What I would do rather than actually clip the horse is to get some Neem Oil, 100% pure.
Mix 4 tablespoons neem with 2 tablespoons liquid soap and make up with 3 pints of hot water. I know you say you don't have access to hot water but take a kettle with you or a container of hot water!
You need the hot because the neem will solidify and you need to keep mixing the water. Apply to the horse with a sponge making sure that its mane and tail in particular are well soaked with the mix.
This will kill any lice and as neem is a strong antiseptic it will also kill off the bugs that cause the rain rot.
You can apply neem neat to the rain rot.
It really does work better than anything else I have ever used. The downside is that the neem stinks like nothing else but the smell wears off the horse after a couple of hours and you do get use to it!
Someone I know douses their horse with showsheen before clipping so they won't have to bathe. I've never tried it but I have clipped dirty horses before. Dulls your blades much faster but it is possible.

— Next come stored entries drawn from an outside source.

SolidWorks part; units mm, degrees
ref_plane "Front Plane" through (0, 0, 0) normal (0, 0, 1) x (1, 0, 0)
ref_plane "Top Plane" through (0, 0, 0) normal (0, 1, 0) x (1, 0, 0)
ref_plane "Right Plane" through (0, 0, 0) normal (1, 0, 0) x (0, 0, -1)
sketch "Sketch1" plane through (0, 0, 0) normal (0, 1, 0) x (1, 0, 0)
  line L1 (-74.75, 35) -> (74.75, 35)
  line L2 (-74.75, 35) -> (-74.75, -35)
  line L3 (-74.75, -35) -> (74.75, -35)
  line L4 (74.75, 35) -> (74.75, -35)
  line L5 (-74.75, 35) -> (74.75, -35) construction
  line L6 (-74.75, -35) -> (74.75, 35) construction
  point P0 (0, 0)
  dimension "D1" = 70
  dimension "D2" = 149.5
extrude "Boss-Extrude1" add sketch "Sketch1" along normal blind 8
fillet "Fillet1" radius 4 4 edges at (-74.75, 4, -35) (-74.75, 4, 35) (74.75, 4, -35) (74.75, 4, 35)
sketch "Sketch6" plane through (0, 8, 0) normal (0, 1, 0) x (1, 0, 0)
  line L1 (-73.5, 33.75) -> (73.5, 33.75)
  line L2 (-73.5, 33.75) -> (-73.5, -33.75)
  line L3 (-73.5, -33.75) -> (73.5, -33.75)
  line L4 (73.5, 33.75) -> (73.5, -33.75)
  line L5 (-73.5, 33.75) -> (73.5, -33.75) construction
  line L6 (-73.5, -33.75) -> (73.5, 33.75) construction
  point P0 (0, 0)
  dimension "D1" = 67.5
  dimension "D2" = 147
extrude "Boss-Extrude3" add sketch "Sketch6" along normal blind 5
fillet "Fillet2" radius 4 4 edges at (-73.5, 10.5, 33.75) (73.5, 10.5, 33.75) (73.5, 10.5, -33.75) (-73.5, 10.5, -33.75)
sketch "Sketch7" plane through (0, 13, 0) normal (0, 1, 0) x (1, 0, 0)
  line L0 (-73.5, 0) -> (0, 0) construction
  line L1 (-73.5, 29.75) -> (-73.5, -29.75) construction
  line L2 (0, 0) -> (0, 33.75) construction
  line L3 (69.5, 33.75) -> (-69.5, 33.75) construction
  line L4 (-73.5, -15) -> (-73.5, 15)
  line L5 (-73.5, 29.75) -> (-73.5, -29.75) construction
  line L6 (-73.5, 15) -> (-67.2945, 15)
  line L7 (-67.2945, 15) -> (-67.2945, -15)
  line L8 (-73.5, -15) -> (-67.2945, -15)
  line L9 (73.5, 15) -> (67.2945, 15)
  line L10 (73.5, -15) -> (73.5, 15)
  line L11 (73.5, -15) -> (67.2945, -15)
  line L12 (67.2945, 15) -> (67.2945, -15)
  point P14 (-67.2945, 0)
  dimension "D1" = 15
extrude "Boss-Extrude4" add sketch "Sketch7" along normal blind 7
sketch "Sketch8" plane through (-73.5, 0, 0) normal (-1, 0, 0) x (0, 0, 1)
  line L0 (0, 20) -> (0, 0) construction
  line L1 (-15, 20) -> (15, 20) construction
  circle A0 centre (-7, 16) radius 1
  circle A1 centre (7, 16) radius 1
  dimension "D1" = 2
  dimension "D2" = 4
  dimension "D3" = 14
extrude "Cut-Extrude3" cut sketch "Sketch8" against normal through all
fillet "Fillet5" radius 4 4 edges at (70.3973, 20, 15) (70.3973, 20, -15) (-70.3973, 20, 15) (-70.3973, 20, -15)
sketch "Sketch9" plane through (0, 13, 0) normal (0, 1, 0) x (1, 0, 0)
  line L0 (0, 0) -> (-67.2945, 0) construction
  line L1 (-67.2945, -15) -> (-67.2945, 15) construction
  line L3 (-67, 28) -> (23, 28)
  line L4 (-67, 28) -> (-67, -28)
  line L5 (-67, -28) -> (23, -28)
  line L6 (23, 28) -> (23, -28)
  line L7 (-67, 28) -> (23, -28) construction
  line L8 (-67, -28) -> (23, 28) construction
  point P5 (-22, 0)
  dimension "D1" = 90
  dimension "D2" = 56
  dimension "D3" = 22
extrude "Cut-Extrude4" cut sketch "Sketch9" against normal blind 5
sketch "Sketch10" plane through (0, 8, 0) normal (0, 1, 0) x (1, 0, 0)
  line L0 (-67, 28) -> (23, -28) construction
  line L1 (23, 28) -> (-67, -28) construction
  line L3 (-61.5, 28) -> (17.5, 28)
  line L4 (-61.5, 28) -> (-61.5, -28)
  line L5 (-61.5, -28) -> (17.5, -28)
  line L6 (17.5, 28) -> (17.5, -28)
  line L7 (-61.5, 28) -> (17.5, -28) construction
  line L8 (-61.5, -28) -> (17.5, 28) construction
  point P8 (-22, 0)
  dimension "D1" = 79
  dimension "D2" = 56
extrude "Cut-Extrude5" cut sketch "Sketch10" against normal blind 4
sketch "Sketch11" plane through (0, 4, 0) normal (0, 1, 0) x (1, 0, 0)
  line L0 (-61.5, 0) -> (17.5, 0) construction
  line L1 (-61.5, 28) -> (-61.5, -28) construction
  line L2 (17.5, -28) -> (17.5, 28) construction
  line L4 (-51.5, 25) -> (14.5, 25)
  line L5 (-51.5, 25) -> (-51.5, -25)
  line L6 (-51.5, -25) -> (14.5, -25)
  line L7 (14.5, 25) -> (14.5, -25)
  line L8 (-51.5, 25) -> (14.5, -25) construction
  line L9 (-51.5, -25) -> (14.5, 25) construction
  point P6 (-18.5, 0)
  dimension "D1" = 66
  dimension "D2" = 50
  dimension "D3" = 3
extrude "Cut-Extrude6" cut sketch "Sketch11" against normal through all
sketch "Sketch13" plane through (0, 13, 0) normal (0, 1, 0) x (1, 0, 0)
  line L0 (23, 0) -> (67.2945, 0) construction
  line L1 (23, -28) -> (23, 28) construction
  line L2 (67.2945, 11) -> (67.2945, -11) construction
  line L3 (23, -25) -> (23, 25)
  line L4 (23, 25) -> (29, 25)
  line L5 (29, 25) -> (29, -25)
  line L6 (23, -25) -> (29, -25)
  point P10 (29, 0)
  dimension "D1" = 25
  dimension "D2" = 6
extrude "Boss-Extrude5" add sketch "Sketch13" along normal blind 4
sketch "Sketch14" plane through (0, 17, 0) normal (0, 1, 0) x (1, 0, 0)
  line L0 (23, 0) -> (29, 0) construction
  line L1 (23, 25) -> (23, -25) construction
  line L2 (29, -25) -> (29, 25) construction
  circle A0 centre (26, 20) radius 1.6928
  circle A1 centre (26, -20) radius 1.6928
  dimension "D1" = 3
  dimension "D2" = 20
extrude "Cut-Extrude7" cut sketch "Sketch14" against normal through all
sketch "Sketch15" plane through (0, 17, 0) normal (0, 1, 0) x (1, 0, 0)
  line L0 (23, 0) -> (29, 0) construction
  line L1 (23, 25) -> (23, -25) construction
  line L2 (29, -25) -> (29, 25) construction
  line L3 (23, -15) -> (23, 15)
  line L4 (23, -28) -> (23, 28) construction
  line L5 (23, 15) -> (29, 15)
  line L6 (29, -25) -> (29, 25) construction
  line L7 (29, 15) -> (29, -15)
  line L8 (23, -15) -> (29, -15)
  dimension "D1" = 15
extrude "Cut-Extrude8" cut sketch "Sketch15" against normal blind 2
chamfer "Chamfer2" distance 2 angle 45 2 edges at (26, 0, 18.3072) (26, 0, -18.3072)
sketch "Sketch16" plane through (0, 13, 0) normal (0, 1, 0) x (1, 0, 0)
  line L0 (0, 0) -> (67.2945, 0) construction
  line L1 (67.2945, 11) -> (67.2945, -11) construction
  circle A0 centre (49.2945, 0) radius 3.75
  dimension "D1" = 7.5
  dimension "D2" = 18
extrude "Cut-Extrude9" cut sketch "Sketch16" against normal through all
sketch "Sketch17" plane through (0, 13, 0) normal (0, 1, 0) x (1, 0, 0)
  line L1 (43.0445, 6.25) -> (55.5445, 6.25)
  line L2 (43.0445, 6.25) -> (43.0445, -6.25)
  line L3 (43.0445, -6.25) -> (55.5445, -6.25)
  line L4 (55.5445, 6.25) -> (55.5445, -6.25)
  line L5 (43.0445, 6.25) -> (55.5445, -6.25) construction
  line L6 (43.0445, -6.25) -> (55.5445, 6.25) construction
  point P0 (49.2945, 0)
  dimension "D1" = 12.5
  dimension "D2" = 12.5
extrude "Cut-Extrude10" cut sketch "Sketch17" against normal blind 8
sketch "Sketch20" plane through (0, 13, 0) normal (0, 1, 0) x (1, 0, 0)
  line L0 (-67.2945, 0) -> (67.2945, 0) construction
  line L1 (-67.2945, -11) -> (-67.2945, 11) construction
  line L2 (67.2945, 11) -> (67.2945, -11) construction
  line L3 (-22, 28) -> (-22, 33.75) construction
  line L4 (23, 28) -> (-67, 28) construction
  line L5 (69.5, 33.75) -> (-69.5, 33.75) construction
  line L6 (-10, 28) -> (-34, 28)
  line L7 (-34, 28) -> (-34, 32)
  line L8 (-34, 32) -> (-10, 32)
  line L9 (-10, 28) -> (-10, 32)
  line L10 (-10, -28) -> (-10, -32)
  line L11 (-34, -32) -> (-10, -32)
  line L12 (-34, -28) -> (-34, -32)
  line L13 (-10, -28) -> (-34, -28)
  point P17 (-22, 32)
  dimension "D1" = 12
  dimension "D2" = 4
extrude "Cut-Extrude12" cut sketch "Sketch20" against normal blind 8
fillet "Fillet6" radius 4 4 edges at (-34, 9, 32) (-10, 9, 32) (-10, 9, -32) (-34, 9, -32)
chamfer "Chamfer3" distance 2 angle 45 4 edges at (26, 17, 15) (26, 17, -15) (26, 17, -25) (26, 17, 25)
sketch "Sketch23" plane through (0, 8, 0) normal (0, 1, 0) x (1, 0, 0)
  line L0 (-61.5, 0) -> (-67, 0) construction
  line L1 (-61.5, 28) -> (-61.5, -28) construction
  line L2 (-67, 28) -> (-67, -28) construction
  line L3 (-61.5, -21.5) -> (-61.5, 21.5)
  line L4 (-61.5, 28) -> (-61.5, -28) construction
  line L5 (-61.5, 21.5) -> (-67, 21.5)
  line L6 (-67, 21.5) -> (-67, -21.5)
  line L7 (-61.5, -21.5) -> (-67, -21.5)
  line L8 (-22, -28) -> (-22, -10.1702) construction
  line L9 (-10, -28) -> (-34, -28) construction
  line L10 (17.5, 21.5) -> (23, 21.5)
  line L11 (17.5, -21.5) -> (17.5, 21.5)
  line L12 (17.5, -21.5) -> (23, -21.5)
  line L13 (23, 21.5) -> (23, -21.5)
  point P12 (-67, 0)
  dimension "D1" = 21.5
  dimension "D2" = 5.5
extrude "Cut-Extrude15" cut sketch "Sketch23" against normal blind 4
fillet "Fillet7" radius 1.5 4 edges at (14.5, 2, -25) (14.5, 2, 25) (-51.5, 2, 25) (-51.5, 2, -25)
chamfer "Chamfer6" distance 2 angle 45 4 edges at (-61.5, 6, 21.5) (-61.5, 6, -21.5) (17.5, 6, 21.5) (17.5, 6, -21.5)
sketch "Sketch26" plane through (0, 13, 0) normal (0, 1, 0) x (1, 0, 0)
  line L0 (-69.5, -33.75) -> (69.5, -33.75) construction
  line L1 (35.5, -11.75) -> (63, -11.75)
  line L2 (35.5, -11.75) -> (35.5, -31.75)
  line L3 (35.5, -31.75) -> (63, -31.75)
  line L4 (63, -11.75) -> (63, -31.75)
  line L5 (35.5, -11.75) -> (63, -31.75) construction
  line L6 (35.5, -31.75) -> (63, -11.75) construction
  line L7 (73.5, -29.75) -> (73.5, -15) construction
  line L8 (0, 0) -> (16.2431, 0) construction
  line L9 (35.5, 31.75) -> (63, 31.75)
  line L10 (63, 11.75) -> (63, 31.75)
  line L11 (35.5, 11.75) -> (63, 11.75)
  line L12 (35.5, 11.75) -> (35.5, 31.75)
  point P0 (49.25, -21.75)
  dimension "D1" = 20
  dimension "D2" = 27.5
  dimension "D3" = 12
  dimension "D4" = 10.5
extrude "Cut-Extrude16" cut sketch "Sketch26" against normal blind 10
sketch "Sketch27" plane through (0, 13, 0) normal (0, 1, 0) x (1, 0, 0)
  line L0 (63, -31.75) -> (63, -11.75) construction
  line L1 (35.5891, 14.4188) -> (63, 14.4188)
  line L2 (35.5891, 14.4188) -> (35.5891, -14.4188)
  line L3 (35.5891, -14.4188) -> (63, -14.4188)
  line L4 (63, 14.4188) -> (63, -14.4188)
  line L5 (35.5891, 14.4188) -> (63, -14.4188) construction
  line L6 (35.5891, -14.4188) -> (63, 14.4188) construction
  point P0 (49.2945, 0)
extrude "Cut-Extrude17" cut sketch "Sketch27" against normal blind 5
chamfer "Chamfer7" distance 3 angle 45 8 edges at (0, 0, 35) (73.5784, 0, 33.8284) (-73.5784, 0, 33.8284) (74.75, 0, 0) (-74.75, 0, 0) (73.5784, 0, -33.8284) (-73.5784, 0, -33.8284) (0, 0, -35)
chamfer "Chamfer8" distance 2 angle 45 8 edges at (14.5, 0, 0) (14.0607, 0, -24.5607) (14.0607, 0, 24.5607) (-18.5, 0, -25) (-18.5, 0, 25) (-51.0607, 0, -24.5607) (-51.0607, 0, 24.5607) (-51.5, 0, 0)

For the sake of your blades, bathing is always prefered, but not always possible. The best way I have found is a combination of hot toweling and then lots of show sheen.
Best of luck!
Blades for my Oster A4 run around $40-50 a set. If I body clip a dirty dog in the summer without a bath first and thorough dry time, my blades are dulled after just one dog - same with horses - If you know of a place that you can send them to to get sharpened, great - if not, be prepared to lose the $.
No amount of hair polish will get the dirt out of their skin like a good bath with dawn liquid soap (will also break the oil barrier and make way for a decent body clip).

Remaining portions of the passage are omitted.